**TASK DATA**

....................

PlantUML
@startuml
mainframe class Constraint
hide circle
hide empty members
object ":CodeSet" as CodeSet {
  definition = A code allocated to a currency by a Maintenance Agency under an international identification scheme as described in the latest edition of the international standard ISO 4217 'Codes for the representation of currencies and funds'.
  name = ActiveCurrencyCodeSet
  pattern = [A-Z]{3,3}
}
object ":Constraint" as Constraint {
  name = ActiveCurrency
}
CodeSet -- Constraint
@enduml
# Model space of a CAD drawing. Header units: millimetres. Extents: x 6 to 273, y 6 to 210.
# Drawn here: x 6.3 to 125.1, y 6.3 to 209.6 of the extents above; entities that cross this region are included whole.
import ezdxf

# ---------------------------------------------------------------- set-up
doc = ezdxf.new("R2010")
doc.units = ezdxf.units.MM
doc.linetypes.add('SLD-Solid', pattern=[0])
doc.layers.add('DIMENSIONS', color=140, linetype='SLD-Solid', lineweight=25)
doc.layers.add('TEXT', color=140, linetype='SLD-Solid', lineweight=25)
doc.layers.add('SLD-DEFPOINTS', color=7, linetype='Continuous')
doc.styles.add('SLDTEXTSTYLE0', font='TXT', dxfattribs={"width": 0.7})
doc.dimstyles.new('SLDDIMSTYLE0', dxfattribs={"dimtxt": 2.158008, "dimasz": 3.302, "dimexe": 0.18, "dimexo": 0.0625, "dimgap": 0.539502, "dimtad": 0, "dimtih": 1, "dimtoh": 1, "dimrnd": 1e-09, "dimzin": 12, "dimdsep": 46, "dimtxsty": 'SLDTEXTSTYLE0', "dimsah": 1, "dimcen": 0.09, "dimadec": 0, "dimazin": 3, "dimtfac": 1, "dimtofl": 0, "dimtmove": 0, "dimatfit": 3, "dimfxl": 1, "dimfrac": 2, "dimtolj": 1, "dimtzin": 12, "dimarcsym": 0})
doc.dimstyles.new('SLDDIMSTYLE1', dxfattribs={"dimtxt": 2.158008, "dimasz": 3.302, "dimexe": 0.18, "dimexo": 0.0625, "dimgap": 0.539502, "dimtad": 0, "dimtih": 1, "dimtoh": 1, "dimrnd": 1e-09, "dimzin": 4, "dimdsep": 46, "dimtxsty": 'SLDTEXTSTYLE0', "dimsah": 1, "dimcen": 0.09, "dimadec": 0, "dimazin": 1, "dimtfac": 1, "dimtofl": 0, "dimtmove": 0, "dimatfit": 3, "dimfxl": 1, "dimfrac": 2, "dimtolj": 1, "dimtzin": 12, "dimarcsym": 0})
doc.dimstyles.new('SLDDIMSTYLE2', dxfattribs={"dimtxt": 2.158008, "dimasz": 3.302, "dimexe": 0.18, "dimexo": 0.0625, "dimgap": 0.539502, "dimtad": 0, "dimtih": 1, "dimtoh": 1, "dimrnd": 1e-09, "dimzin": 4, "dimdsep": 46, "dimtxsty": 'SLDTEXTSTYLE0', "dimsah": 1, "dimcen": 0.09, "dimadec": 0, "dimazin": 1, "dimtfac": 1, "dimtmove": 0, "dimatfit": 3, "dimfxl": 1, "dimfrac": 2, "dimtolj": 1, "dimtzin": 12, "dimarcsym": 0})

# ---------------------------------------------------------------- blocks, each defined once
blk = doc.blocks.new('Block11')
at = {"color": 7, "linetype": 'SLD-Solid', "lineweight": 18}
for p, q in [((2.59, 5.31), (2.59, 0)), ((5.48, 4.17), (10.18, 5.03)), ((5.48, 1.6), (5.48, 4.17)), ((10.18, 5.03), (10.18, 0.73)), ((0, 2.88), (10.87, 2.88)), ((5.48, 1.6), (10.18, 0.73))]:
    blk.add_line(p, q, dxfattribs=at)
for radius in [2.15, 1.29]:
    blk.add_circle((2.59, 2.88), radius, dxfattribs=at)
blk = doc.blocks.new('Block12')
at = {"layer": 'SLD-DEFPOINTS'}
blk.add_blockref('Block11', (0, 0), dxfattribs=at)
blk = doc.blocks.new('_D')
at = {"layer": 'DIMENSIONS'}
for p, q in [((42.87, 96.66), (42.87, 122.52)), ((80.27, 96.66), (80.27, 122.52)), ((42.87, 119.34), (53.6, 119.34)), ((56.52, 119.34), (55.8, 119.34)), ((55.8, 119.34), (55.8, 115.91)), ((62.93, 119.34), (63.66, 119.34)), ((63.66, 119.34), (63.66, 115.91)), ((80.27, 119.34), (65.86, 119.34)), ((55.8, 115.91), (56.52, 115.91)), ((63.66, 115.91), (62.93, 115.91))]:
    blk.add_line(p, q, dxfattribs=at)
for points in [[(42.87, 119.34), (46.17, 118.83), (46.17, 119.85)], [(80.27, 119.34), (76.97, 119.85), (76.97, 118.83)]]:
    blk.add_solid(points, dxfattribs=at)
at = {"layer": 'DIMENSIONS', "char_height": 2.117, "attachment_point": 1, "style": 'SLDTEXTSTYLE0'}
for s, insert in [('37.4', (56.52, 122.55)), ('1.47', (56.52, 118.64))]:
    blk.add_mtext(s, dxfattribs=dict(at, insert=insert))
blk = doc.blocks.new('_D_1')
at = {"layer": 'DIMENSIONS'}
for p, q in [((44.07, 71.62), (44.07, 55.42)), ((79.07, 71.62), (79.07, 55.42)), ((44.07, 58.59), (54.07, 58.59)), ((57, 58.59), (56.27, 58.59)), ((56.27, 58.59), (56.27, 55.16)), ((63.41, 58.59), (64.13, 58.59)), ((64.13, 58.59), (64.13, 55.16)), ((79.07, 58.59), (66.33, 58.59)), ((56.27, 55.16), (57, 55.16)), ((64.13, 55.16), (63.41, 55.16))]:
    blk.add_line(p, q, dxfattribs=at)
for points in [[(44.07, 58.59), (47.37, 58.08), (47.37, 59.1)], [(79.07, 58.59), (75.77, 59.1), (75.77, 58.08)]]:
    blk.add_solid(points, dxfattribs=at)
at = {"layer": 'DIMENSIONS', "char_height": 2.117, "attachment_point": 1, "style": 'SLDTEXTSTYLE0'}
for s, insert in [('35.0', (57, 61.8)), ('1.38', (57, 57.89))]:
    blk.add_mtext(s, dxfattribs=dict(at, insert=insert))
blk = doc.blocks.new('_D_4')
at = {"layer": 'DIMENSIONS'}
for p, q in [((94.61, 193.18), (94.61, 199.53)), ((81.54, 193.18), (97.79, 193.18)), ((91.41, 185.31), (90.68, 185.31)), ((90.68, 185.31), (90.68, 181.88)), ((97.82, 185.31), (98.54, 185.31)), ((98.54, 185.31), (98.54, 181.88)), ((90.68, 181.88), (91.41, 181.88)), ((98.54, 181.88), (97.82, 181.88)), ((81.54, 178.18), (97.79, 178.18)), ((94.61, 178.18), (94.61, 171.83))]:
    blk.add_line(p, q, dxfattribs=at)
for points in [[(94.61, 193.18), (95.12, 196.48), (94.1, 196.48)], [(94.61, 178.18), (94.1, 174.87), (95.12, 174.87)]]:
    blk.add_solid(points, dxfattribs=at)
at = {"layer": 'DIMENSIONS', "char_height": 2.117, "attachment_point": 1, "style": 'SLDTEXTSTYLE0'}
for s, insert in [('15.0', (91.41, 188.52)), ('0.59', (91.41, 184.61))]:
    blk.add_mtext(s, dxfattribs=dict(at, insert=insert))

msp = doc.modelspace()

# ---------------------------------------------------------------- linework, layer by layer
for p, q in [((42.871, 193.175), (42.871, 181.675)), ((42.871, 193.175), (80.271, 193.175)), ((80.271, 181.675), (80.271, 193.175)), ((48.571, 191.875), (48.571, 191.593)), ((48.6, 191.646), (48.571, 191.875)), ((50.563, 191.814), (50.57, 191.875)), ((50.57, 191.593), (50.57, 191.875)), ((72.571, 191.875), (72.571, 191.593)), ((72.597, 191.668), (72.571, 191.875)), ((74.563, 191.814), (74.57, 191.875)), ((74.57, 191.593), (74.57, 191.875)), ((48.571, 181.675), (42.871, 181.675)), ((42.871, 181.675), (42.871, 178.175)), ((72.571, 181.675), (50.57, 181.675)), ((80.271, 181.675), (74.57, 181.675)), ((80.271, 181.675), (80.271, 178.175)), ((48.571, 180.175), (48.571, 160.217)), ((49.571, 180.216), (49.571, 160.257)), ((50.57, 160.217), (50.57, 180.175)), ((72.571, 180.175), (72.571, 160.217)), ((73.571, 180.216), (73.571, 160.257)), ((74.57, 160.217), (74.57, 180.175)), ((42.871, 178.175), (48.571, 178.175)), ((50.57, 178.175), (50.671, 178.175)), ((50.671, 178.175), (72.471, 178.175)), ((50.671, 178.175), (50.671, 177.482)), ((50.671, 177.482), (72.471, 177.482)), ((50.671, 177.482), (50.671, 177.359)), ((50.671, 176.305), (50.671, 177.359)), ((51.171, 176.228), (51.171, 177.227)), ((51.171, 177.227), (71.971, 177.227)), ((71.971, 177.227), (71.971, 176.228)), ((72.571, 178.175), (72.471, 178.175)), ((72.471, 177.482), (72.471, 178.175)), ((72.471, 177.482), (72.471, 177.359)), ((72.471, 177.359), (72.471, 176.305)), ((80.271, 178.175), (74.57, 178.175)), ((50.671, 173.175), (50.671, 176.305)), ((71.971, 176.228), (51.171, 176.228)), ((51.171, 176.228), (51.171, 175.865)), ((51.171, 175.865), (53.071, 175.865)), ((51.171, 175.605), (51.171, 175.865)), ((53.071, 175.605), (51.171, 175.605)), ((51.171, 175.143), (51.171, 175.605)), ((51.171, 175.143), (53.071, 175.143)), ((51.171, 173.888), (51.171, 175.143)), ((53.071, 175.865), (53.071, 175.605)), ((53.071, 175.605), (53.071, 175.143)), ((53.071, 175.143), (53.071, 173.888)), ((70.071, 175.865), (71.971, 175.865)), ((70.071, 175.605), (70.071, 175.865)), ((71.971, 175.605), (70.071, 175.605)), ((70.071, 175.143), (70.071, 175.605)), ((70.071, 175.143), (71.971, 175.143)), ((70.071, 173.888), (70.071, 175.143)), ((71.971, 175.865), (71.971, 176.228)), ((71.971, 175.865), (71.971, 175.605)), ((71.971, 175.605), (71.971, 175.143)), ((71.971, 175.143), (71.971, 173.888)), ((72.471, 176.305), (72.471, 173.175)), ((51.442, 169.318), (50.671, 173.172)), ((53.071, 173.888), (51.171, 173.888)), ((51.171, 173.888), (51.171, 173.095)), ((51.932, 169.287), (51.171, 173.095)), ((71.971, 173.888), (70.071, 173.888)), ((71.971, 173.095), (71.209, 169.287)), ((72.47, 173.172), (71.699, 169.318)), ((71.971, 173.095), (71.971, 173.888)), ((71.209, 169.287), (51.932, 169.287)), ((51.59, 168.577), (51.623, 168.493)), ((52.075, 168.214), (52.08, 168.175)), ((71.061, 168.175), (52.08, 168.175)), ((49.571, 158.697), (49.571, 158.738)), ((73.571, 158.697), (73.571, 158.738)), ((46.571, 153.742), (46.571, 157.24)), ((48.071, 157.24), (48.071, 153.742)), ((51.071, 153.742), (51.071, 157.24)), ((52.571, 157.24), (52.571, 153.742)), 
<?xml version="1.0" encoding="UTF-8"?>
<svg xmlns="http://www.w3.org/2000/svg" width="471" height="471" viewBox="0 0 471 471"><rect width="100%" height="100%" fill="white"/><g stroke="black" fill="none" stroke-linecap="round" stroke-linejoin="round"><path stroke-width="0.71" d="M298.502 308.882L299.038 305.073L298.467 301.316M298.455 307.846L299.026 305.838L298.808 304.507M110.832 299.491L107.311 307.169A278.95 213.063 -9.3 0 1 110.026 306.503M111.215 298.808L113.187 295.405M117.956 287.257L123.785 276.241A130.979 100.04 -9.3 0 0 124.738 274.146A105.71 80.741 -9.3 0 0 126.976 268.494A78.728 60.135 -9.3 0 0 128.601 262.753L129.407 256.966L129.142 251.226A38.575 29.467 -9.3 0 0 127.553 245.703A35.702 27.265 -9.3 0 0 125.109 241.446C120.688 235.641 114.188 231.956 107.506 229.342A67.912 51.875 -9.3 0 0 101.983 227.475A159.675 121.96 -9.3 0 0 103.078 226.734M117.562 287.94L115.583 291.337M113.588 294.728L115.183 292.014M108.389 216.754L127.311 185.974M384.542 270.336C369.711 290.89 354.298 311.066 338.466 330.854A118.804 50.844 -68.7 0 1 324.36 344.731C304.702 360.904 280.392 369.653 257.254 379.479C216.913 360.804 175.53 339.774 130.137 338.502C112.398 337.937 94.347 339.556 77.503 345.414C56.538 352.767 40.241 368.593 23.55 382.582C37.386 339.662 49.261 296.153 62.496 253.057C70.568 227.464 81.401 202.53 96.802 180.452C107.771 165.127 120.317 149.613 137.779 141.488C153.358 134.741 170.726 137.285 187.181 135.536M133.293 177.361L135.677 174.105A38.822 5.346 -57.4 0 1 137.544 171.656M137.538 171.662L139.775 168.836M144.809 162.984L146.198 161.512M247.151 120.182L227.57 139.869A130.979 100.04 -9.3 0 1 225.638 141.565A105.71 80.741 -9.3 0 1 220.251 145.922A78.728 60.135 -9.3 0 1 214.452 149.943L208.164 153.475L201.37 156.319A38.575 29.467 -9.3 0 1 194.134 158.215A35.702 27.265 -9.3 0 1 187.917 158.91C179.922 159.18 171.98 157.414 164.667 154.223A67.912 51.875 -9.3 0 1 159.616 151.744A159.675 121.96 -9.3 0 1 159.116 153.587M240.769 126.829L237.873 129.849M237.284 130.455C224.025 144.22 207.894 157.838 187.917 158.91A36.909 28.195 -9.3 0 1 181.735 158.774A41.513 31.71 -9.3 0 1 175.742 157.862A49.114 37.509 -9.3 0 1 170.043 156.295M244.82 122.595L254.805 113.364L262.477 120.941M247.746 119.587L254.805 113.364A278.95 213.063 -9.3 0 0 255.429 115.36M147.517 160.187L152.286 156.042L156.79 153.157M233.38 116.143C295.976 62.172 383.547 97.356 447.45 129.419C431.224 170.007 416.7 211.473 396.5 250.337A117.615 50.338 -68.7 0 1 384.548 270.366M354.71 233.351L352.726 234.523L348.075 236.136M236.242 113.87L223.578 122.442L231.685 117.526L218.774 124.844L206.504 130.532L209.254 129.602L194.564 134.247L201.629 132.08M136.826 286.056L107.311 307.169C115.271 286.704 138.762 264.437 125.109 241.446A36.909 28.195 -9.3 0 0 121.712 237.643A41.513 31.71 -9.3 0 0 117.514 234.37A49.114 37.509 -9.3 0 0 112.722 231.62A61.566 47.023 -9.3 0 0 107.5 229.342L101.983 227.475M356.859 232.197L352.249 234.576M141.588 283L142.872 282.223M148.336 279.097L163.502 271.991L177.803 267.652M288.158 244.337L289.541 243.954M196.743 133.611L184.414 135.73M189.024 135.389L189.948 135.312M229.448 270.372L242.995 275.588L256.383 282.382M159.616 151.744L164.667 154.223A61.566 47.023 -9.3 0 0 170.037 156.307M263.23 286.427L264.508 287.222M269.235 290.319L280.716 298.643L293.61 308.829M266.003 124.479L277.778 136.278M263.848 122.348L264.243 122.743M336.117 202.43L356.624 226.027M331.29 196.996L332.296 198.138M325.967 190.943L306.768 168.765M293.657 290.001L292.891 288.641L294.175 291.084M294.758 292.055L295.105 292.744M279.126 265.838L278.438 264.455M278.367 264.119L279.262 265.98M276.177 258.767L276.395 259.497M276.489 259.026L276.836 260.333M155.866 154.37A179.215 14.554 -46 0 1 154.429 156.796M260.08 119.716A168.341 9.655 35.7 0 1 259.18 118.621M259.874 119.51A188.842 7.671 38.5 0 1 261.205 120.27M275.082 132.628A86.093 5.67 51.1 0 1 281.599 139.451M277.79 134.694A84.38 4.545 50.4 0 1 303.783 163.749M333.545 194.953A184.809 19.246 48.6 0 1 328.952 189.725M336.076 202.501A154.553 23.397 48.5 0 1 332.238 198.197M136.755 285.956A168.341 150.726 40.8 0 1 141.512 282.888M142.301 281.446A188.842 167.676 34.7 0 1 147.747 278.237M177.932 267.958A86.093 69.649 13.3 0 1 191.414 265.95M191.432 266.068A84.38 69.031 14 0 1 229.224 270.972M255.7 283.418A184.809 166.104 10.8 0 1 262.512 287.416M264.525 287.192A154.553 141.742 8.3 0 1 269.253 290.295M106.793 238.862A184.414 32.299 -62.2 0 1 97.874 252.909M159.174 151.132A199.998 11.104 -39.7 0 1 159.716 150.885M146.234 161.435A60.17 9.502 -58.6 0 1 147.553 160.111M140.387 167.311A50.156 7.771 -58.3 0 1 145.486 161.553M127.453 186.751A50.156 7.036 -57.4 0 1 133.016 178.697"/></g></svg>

....................

**WHAT IS REQUIRED**
Could you restate, word for word, the lines above from the one with "import ezdxf" to the one with "for radius in", both included?

**COMPLETED EXERCISE**
import ezdxf

# ---------------------------------------------------------------- set-up
doc = ezdxf.new("R2010")
doc.units = ezdxf.units.MM
doc.linetypes.add('SLD-Solid', pattern=[0])
doc.layers.add('DIMENSIONS', color=140, linetype='SLD-Solid', lineweight=25)
doc.layers.add('TEXT', color=140, linetype='SLD-Solid', lineweight=25)
doc.layers.add('SLD-DEFPOINTS', color=7, linetype='Continuous')
doc.styles.add('SLDTEXTSTYLE0', font='TXT', dxfattribs={"width": 0.7})
doc.dimstyles.new('SLDDIMSTYLE0', dxfattribs={"dimtxt": 2.158008, "dimasz": 3.302, "dimexe": 0.18, "dimexo": 0.0625, "dimgap": 0.539502, "dimtad": 0, "dimtih": 1, "dimtoh": 1, "dimrnd": 1e-09, "dimzin": 12, "dimdsep": 46, "dimtxsty": 'SLDTEXTSTYLE0', "dimsah": 1, "dimcen": 0.09, "dimadec": 0, "dimazin": 3, "dimtfac": 1, "dimtofl": 0, "dimtmove": 0, "dimatfit": 3, "dimfxl": 1, "dimfrac": 2, "dimtolj": 1, "dimtzin": 12, "dimarcsym": 0})
doc.dimstyles.new('SLDDIMSTYLE1', dxfattribs={"dimtxt": 2.158008, "dimasz": 3.302, "dimexe": 0.18, "dimexo": 0.0625, "dimgap": 0.539502, "dimtad": 0, "dimtih": 1, "dimtoh": 1, "dimrnd": 1e-09, "dimzin": 4, "dimdsep": 46, "dimtxsty": 'SLDTEXTSTYLE0', "dimsah": 1, "dimcen": 0.09, "dimadec": 0, "dimazin": 1, "dimtfac": 1, "dimtofl": 0, "dimtmove": 0, "dimatfit": 3, "dimfxl": 1, "dimfrac": 2, "dimtolj": 1, "dimtzin": 12, "dimarcsym": 0})
doc.dimstyles.new('SLDDIMSTYLE2', dxfattribs={"dimtxt": 2.158008, "dimasz": 3.302, "dimexe": 0.18, "dimexo": 0.0625, "dimgap": 0.539502, "dimtad": 0, "dimtih": 1, "dimtoh": 1, "dimrnd": 1e-09, "dimzin": 4, "dimdsep": 46, "dimtxsty": 'SLDTEXTSTYLE0', "dimsah": 1, "dimcen": 0.09, "dimadec": 0, "dimazin": 1, "dimtfac": 1, "dimtmove": 0, "dimatfit": 3, "dimfxl": 1, "dimfrac": 2, "dimtolj": 1, "dimtzin": 12, "dimarcsym": 0})

# ---------------------------------------------------------------- blocks, each defined once
blk = doc.blocks.new('Block11')
at = {"color": 7, "linetype": 'SLD-Solid', "lineweight": 18}
for p, q in [((2.59, 5.31), (2.59, 0)), ((5.48, 4.17), (10.18, 5.03)), ((5.48, 1.6), (5.48, 4.17)), ((10.18, 5.03), (10.18, 0.73)), ((0, 2.88), (10.87, 2.88)), ((5.48, 1.6), (10.18, 0.73))]:
    blk.add_line(p, q, dxfattribs=at)
for radius in [2.15, 1.29]:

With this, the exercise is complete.